- [Problem description]: What's needed: every entry, printed exactly, minus the images.

Stored records:

○ ○ ○ ○ ○

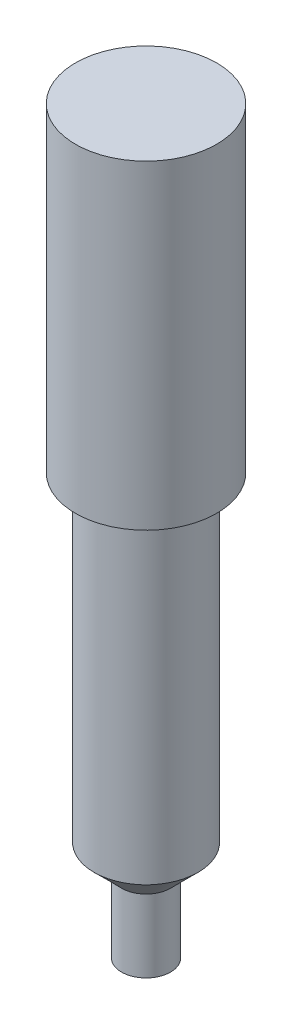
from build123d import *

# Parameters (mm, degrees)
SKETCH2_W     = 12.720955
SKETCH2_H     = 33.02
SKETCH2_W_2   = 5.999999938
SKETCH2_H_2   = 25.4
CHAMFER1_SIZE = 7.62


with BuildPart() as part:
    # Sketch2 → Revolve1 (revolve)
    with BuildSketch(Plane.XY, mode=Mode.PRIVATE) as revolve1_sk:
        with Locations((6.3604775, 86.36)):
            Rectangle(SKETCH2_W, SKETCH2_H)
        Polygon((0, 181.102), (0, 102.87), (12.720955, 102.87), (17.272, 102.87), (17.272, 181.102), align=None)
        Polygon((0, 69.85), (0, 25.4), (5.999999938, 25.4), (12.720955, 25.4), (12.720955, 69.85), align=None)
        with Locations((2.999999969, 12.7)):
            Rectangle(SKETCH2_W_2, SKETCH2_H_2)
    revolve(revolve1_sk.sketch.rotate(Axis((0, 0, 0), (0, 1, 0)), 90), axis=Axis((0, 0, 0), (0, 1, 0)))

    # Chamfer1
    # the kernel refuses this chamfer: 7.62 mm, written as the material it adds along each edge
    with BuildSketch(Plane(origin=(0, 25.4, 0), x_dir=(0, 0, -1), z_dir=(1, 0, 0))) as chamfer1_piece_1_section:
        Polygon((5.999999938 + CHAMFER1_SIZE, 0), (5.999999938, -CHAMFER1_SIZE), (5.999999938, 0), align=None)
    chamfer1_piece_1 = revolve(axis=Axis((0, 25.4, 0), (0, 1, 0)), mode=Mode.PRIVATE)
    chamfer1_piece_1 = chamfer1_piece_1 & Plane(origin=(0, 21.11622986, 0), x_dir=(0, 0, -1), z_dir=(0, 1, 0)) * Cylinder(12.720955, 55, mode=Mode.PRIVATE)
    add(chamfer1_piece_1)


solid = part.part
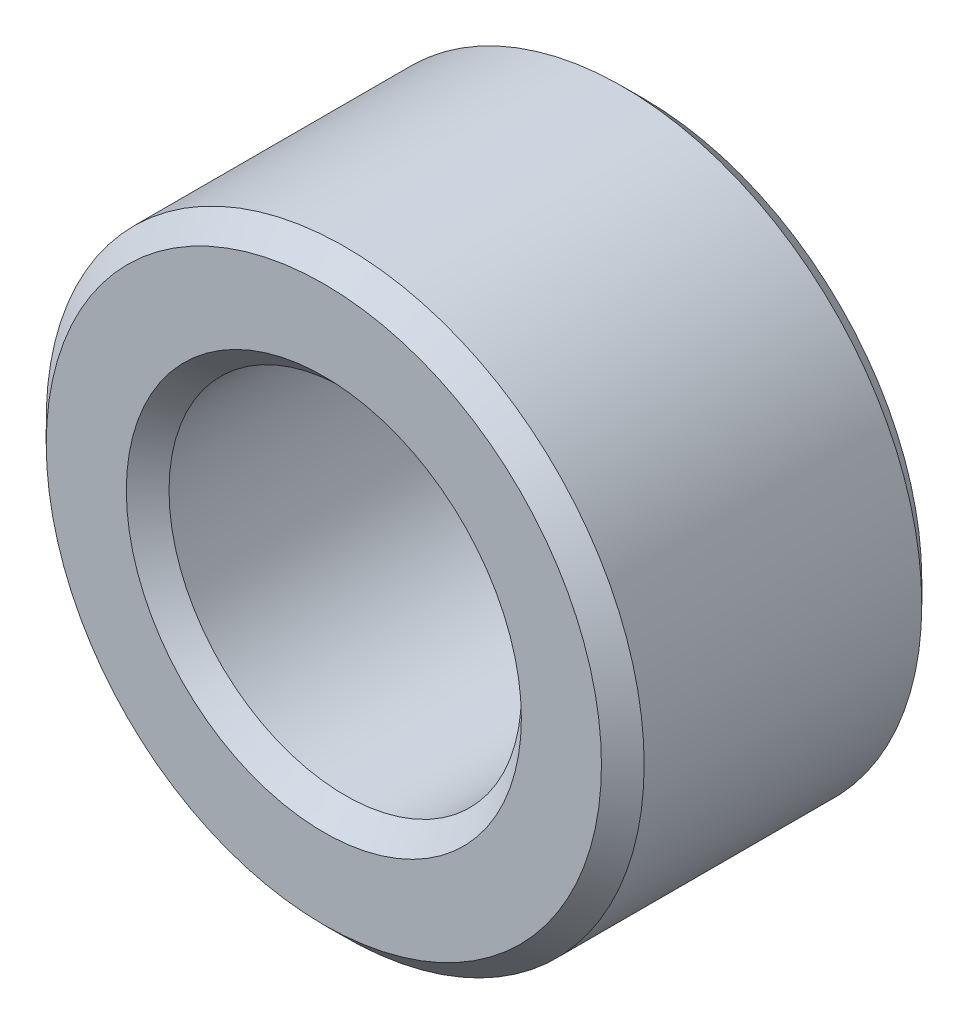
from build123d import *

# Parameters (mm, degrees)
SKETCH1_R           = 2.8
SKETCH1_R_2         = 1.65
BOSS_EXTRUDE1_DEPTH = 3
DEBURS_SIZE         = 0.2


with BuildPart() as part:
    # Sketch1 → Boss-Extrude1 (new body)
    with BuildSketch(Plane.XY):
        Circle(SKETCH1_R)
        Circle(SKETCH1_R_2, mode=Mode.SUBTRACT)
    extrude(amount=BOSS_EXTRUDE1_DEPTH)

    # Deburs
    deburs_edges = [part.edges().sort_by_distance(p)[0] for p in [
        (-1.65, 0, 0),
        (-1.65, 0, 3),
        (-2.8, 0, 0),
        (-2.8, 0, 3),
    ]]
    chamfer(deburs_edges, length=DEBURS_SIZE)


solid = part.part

○ ○ ○ ○ ○

- [Exercise solution]:
from build123d import *

# Parameters (mm, degrees)
SKETCH2_W     = 12.720955
SKETCH2_H     = 33.02
SKETCH2_W_2   = 5.999999938
SKETCH2_H_2   = 25.4
CHAMFER1_SIZE = 7.62


with BuildPart() as part:
    # Sketch2 → Revolve1 (revolve)
    with BuildSketch(Plane.XY, mode=Mode.PRIVATE) as revolve1_sk:
        with Locations((6.3604775, 86.36)):
            Rectangle(SKETCH2_W, SKETCH2_H)
        Polygon((0, 181.102), (0, 102.87), (12.720955, 102.87), (17.272, 102.87), (17.272, 181.102), align=None)
        Polygon((0, 69.85), (0, 25.4), (5.999999938, 25.4), (12.720955, 25.4), (12.720955, 69.85), align=None)
        with Locations((2.999999969, 12.7)):
            Rectangle(SKETCH2_W_2, SKETCH2_H_2)
    revolve(revolve1_sk.sketch.rotate(Axis((0, 0, 0), (0, 1, 0)), 90), axis=Axis((0, 0, 0), (0, 1, 0)))

    # Chamfer1
    # the kernel refuses this chamfer: 7.62 mm, written as the material it adds along each edge
    with BuildSketch(Plane(origin=(0, 25.4, 0), x_dir=(0, 0, -1), z_dir=(1, 0, 0))) as chamfer1_piece_1_section:
        Polygon((5.999999938 + CHAMFER1_SIZE, 0), (5.999999938, -CHAMFER1_SIZE), (5.999999938, 0), align=None)
    chamfer1_piece_1 = revolve(axis=Axis((0, 25.4, 0), (0, 1, 0)), mode=Mode.PRIVATE)
    chamfer1_piece_1 = chamfer1_piece_1 & Plane(origin=(0, 21.11622986, 0), x_dir=(0, 0, -1), z_dir=(0, 1, 0)) * Cylinder(12.720955, 55, mode=Mode.PRIVATE)
    add(chamfer1_piece_1)


solid = part.part
from build123d import *

# Parameters (mm, degrees)
SKETCH1_R           = 2.8
SKETCH1_R_2         = 1.65
BOSS_EXTRUDE1_DEPTH = 3
DEBURS_SIZE         = 0.2


with BuildPart() as part:
    # Sketch1 → Boss-Extrude1 (new body)
    with BuildSketch(Plane.XY):
        Circle(SKETCH1_R)
        Circle(SKETCH1_R_2, mode=Mode.SUBTRACT)
    extrude(amount=BOSS_EXTRUDE1_DEPTH)

    # Deburs
    deburs_edges = [part.edges().sort_by_distance(p)[0] for p in [
        (-1.65, 0, 0),
        (-1.65, 0, 3),
        (-2.8, 0, 0),
        (-2.8, 0, 3),
    ]]
    chamfer(deburs_edges, length=DEBURS_SIZE)


solid = part.part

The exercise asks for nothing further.